4. No stainless steel demethanizer column.
5. Less alloy material.
From an operating cost perspective, the IPOR process was estimated to consume about $700,000/year less in utilities, the savings resulting from lower compression power requirements, and hence fuel gas consumption.
Northwest Canada
A second study was recently completed comparing the IPOR process to a straight refrigeration process. Location for this plant is in northwest Canada, an area of existing oil and gas production but no NGL or ethane pipeline infrastructure. Liquids produced in the plant would be trucked to market.
The primary objective of the customer in this application was to deliver a marketable sales gas. Given the current favorable economic climate for gas liquids, however, incremental LPG recovery was of interest if economical.
The basis of design of the plant for the study is discussed below. Table 2 summarizes the design basis.
The straight refrigeration process used in the study was a traditional design (Fig. 4), with process temperature selected to achieve the pipeline dewpoint specification, thereby minimizing both CAPEX and OPEX. Propane was used as the refrigerant, with glycol injection used for hydrate inhibition and dehydration. Feed gas for the refrigeration unit was taken downstream of the feed-gas compression, with residue gas sent directly to the sales gas pipeline.

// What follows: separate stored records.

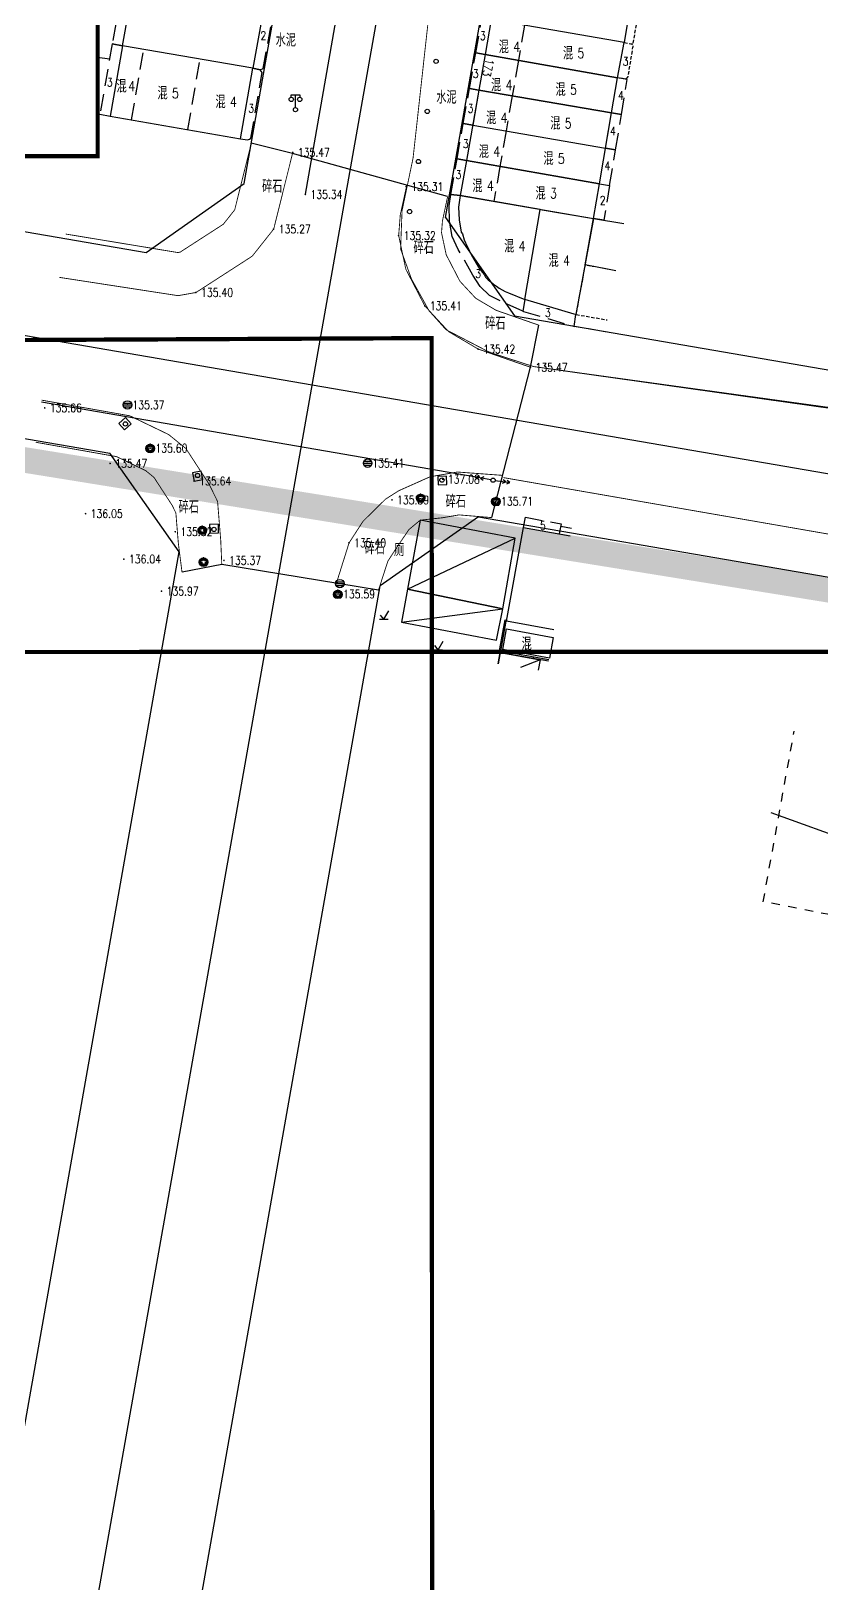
# Model space of a CAD drawing. Extents: x 529262 to 576451, y 2694391 to 2717535.
# Drawn here: x 563216.1 to 563309.2, y 2710457.1 to 2710639.8 of the extents above; entities that cross this region are included whole.
import ezdxf
from ezdxf.enums import TextEntityAlignment as Align
from ezdxf.xclip import XClip

# ---------------------------------------------------------------- set-up
doc = ezdxf.new("R2010")
doc.units = 0
doc.header["$XCLIPFRAME"] = 0
doc.linetypes.add('X5', pattern=[3, 2, -1])
doc.linetypes.add('X6', pattern=[2, 1, -1])
for name, color, linetype in [('COMPONENT', 8, 'Continuous'), ('DLDW', 8, 'Continuous'), ('DLSS', 4, 'Continuous'), ('GCD', 8, 'Continuous'), ('GXYZ', 8, 'Continuous'), ('JMD', 8, 'Continuous'), ('PP-COM', 7, 'Continuous'), ('RD-中线', 40, 'Continuous'), ('RD-红线', 7, 'Continuous'), ('ZBTZ', 8, 'Continuous'), ('ZJ', 7, 'Continuous'), ('污水管径标注_W10-', 202, 'Continuous')]:
    doc.layers.add(name, color=color, linetype=linetype)
doc.styles.add('HZ', font='rs.shx', dxfattribs={"width": 0.8, "bigfont": 'hztxt.shx'})
doc.linetypes.add('1161', pattern='A,0,[149,AAA.SHX,S=0.15,R=0,X=0,Y=0],-1.6', length=1.6)

# ---------------------------------------------------------------- blocks, each defined once
blk = doc.blocks.new('A$C19FD0107')
at = {"layer": 'RD-中线', "color": 8, "linetype": 'Continuous'}
blk.add_lwpolyline([(-7960.88, 14986.93), (-7915.56, 15243.04, 0.015839), (-7911.03, 15274.38), (-7907.82, 15303, -0.015839), (-7903.29, 15334.35), (-7712.17, 16414.53, 0.000335), (-7712.11, 16414.93), (-7698.73, 16491.12, 0.000054), (-7698.72, 16491.18), (-7681.61, 16588.75)], format="xyb", dxfattribs=at)
at = {"layer": 'RD-中线', "color": 8, "linetype": 'Continuous', "flags": 128}
blk.add_lwpolyline([(-8319.85, 16305.85), (-7600.23, 16181.99)], dxfattribs=at)
at = {"layer": 'RD-红线', "color": 8, "linetype": 'Continuous', "flags": 128}
for points in [[(-7756.8, 16231.22), (-7745.1, 16297.33), (-7743.7, 16305.23)], [(-7733.13, 16227.24), (-7721.47, 16293.09), (-7720.08, 16300.95)], [(-8014.17, 16241.06), (-7772.61, 16199.49)], [(-7872.86, 16241.09), (-7768.34, 16223.1)], [(-7724.98, 16215.64), (-7619.84, 16197.54)], [(-7729.25, 16192.02), (-7623.97, 16173.9)], [(-7792.41, 16029.9), (-7764.46, 16187.89)], [(-7768.76, 16025.82), (-7740.79, 16183.91)]]:
    blk.add_lwpolyline(points, dxfattribs=at)
at = {"layer": 'RD-红线', "color": 8}
for points in [[(-7768.34, 16223.1), (-7756.8, 16231.22, 0.412846)], [(-7733.13, 16227.24), (-7724.98, 16215.64, 0.415582)], [(-7764.46, 16187.89), (-7772.61, 16199.49, 0.415582)], [(-7729.25, 16192.02), (-7740.79, 16183.91, 0.412846)]]:
    blk.add_lwpolyline(points, format="xyb", dxfattribs=at)
blk = doc.blocks.new('gc123')
at = {"color": 8}
for p, q in [((-1, 0), (1, 0)), ((0, 0), (-0.8, 1)), ((0, 0), (1.2, 2))]:
    blk.add_line(p, q, dxfattribs=at)
blk = doc.blocks.new('gc170')
at = {"color": 8, "linetype": 'Continuous'}
blk.add_circle((0, 0), 0.5, dxfattribs=at)
blk = doc.blocks.new('gc097')
at = {"color": 8}
for p, q in [((-1, 2.9), (-1, 3.5)), ((-1, 3.5), (1, 3.5)), ((0, 0.5), (0, 3.5)), ((1, 3.5), (1, 2.9))]:
    blk.add_line(p, q, dxfattribs=at)
for centre in [(-1, 2.4), (0, 0), (1, 2.4)]:
    blk.add_circle(centre, 0.5, dxfattribs=at)
blk = doc.blocks.new('GC200')
at = {"linetype": 'Continuous', "const_width": 0.2, "flags": 128}
blk.add_lwpolyline([(-0.1, 0, 1), (0.1, 0, 1)], format="xyb", close=True, dxfattribs=at)
blk = doc.blocks.new('gc013a')
at = {"linetype": 'Continuous'}
blk.add_line((0.5, 0), (4, 0), dxfattribs=at)
at = {"linetype": 'Continuous', "flags": 128}
for points in [[(2.31, -0.4), (3, 0), (2.31, 0.4)], [(3.31, -0.4), (4, 0), (3.31, 0.4)]]:
    blk.add_lwpolyline(points, dxfattribs=at)
blk = doc.blocks.new('*U11')
at = {"linetype": 'Continuous'}
for points in [[(-1.14, -0.07), (-0.87, -0.76), (-1.13, 0.09)], [(-1.13, 0.09), (-0.73, -0.88), (-1.09, 0.24)], [(-0.73, -0.88), (-1.13, 0.09), (-0.87, -0.76)], [(-0.36, 0.24), (-0.55, 0.84), (-1.09, 0.24)], [(-0.73, 0.74), (-1.09, 0.24), (-0.55, 0.84)], [(-1.09, 0.24), (-0.73, 0.74), (-1.01, 0.43)], [(-0.5, -0.19), (-1.09, 0.24), (-0.73, -0.88)], [(-0.88, 0.6), (-1.01, 0.43), (-0.73, 0.74)], [(-0.55, 0.84), (-0.36, 0.24), (-0.35, 0.91)], [(-0.14, 0.93), (-0.35, 0.91), (-0.36, 0.24)], [(-0.14, 0.93), (0.09, 0.24), (0.07, 0.91)], [(0.81, 0.24), (0.07, 0.91), (0.09, 0.24)], [(0.07, 0.91), (0.81, 0.24), (0.27, 0.84)], [(0.22, -0.19), (0.45, -0.88), (0.81, 0.24)], [(0.73, 0.43), (0.27, 0.84), (0.81, 0.24)], [(0.27, 0.84), (0.73, 0.43), (0.45, 0.74)], [(0.6, 0.6), (0.45, 0.74), (0.73, 0.43)], [(0.59, -0.76), (0.81, 0.24), (0.45, -0.88)], [(0.81, 0.24), (0.59, -0.76), (0.85, 0.09)], [(0.7, -0.61), (0.85, 0.09), (0.59, -0.76)], [(0.85, 0.09), (0.7, -0.61), (0.86, -0.07)], [(-0.87, -0.76), (-1.14, -0.07), (-0.98, -0.61)], [(-1.12, -0.26), (-0.98, -0.61), (-1.14, -0.07)], [(-0.98, -0.61), (-1.12, -0.26), (-1.07, -0.44)], [(-0.73, -0.88), (-0.55, -0.98), (-0.14, -0.45)], [(-0.35, -1.05), (-0.14, -0.45), (-0.55, -0.98)], [(-0.14, -0.45), (-0.35, -1.05), (0.45, -0.88)], [(-0.14, -1.07), (0.45, -0.88), (-0.35, -1.05)], [(0.45, -0.88), (-0.14, -1.07), (0.27, -0.98)], [(0.07, -1.05), (0.27, -0.98), (-0.14, -1.07)], [(0.79, -0.44), (0.86, -0.07), (0.7, -0.61)], [(0.86, -0.07), (0.79, -0.44), (0.84, -0.26)]]:
    blk.add_solid(points, dxfattribs=at)
blk = doc.blocks.new('gcbj0112')
at = {"linetype": 'Continuous'}
for p, q in [((-1.09, 0.24), (-0.5, -0.19)), ((-0.36, 0.24), (-1.09, 0.24)), ((-0.14, 0.93), (-0.36, 0.24)), ((0.09, 0.24), (-0.14, 0.93)), ((0.81, 0.24), (0.09, 0.24)), ((0.22, -0.19), (0.81, 0.24)), ((-0.5, -0.19), (-0.73, -0.88)), ((-0.73, -0.88), (-0.14, -0.45)), ((-0.14, -0.45), (0.45, -0.88)), ((0.45, -0.88), (0.22, -0.19))]:
    blk.add_line(p, q, dxfattribs=at)
blk.add_circle((-0.14, -0.07), 1, dxfattribs=at)
for p in [(-1.09, 0.24), (-0.14, 0.93), (0.81, 0.24), (-0.73, -0.88), (0.45, -0.88)]:
    blk.add_point(p, dxfattribs=at)
blk.add_blockref('*U11', (0, 0), dxfattribs=at)
blk = doc.blocks.new('gcbj0103')
for p, q in [((-1, 0), (1, 0)), ((-0.9, 0.43), (0.9, 0.43)), ((-0.88, -0.47), (0.88, -0.47))]:
    blk.add_line(p, q)
blk.add_circle((0, 0), 1)

msp = doc.modelspace()

# ---------------------------------------------------------------- linework, layer by layer
at = {"const_width": 0.5}
for points in [[(563084.122, 2711138.263), (562931.285, 2711138.054), (562931.608, 2710566.673), (563463.398, 2710566.758), (563463.263, 2710638.911), (563709.007, 2710638.866), (563708.877, 2711077.419), (563083.998, 2711074.669), (563084.122, 2711138.263)], [(562598.829, 2711123.986), (562446.582, 2711123.874), (562446.587, 2710552.781), (562978.372, 2710552.956), (562978.226, 2710625.113), (563223.964, 2710625.037), (563223.849, 2711063.295), (562599.05, 2711060.81), (562598.829, 2711123.986)], [(562692.153, 2710600.99), (562692.05, 2709884.417), (563017.764, 2709884.409), (563017.604, 2709957.522), (563263.473, 2709957.617), (563263.248, 2710603.642), (562692.153, 2710600.99)]]:
    msp.add_lwpolyline(points, dxfattribs=at)
at = {"layer": 'DLSS', "linetype": 'Continuous', "const_width": 0.1, "elevation": 24.543, "flags": 128}
msp.add_lwpolyline([(563293.254, 2710702.46), (563282.549, 2710699.569), (563275.156, 2710693.485), (563272.229, 2710688.281), (563263.761, 2710649.245), (563261.067, 2710624.833), (563259.77, 2710618.629), (563259.595, 2710614.136), (563260.883, 2710610.583), (563262.962, 2710606.832), (563264.936, 2710604.632), (563270.037, 2710601.983), (563275.245, 2710600.289), (563315.937, 2710594.555), (563375.452, 2710586.437), (563385.68, 2710586.666), (563387.357, 2710587.117)], dxfattribs=at)
at = {"layer": 'DLSS', "linetype": 'Continuous', "const_width": 0.1, "flags": 128}
for points in [[(563242.03, 2710626.564), (563240.082, 2710618.728), (563238.74, 2710617.034), (563233.664, 2710613.755), (563233.391, 2710613.707), (563220.187, 2710615.888)], [(563219.456, 2710610.787), (563233.422, 2710608.634), (563235.531, 2710609.009), (563242.146, 2710613.282), (563244.673, 2710616.471), (563246.886, 2710625.372)], [(563274.878, 2710600.208), (563268.729, 2710602.35), (563265.261, 2710604.394), (563262.442, 2710607.434), (563260.212, 2710611.751), (563259.371, 2710615.701), (563259.559, 2710618.139), (563260.325, 2710621.63)], [(563275.855, 2710605.162), (563270.841, 2710606.909), (563268.43, 2710608.33), (563266.572, 2710610.334), (563264.963, 2710613.449), (563264.412, 2710616.036), (563264.519, 2710617.424), (563265.128, 2710620.292)], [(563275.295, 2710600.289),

Fig. 5 illustrates the IPOR process used in the study. Feed gas enters the IPOR unit at a compressor interstage pressure of about 410 psig. For this design, the gas-gas exchangers and chillers were conventional shell-and-tube design. All of the noncondensable vapors from the de-ethanizer reflux drum flow to the de-ethanizer overhead separator and on to the residue gas stream.
Tables 5 and 6 summarize the study’s results.
From these results, key observations include the following:
1. NGL production with the IPOR unit is more than double that of the refrigeration plant.
2. Complexity of the two designs is comparable, based upon major equipment count, which should result in similar operability and reliability.
(Major equipment count in this case includes the entire plant facility, including dehydration, utilities, and off sites.)
As a result, economics of the IPOR process are once again superior to the refrigeration unit, taking into account incremental differences in both OPEX and CAPEX (Table 6). Estimated capital cost of the IPOR process design was $2 million more than that of the refrigeration plant, the additional cost being the result of:
1. More installed compression.
2. Additional heat-exchanger costs.
3. Additional cost of the molecular-sieve dehydration system vs. the glycol injection system utilized in the refrigeration plant design.
4. More alloy materials.
The operating cost of the IPOR process was estimated to be about $150,000/year more than the refrigeration process. The additional cost was primarily the result of the higher compression power requirements of the IPOR process, and therefore more fuel-gas consumption.
NGL production with the IPOR unit is more than double that of the refrigeration plant. The value of this additional NGL revenue was estimated at $5.1 million/year. Based upon the economic assumptions itemized in Table 6, the calculated internal rate of return of the IPOR plant investment is 155%, with a payback of fewer than 6 months.
While the IPOR unit requires somewhat more CAPEX and OPEX than a "minimal type investment" of the refrigeration unit, these costs are more than compensated for with the increased NGL revenue.
Table 7 summarizes the comparisons discussed in this article.
References
1. Malsam, Michael G, "IPOR Technology—A new means of LPG recovery," Gas Processors Association Annual Convention, "High Definition at 90—Advancing the Midstream Vision," March 2011.
2. "Gas Processing with Cryogenic Turboexpander Technology," Randall Gas Technologies, Houston; January 2011 Edition.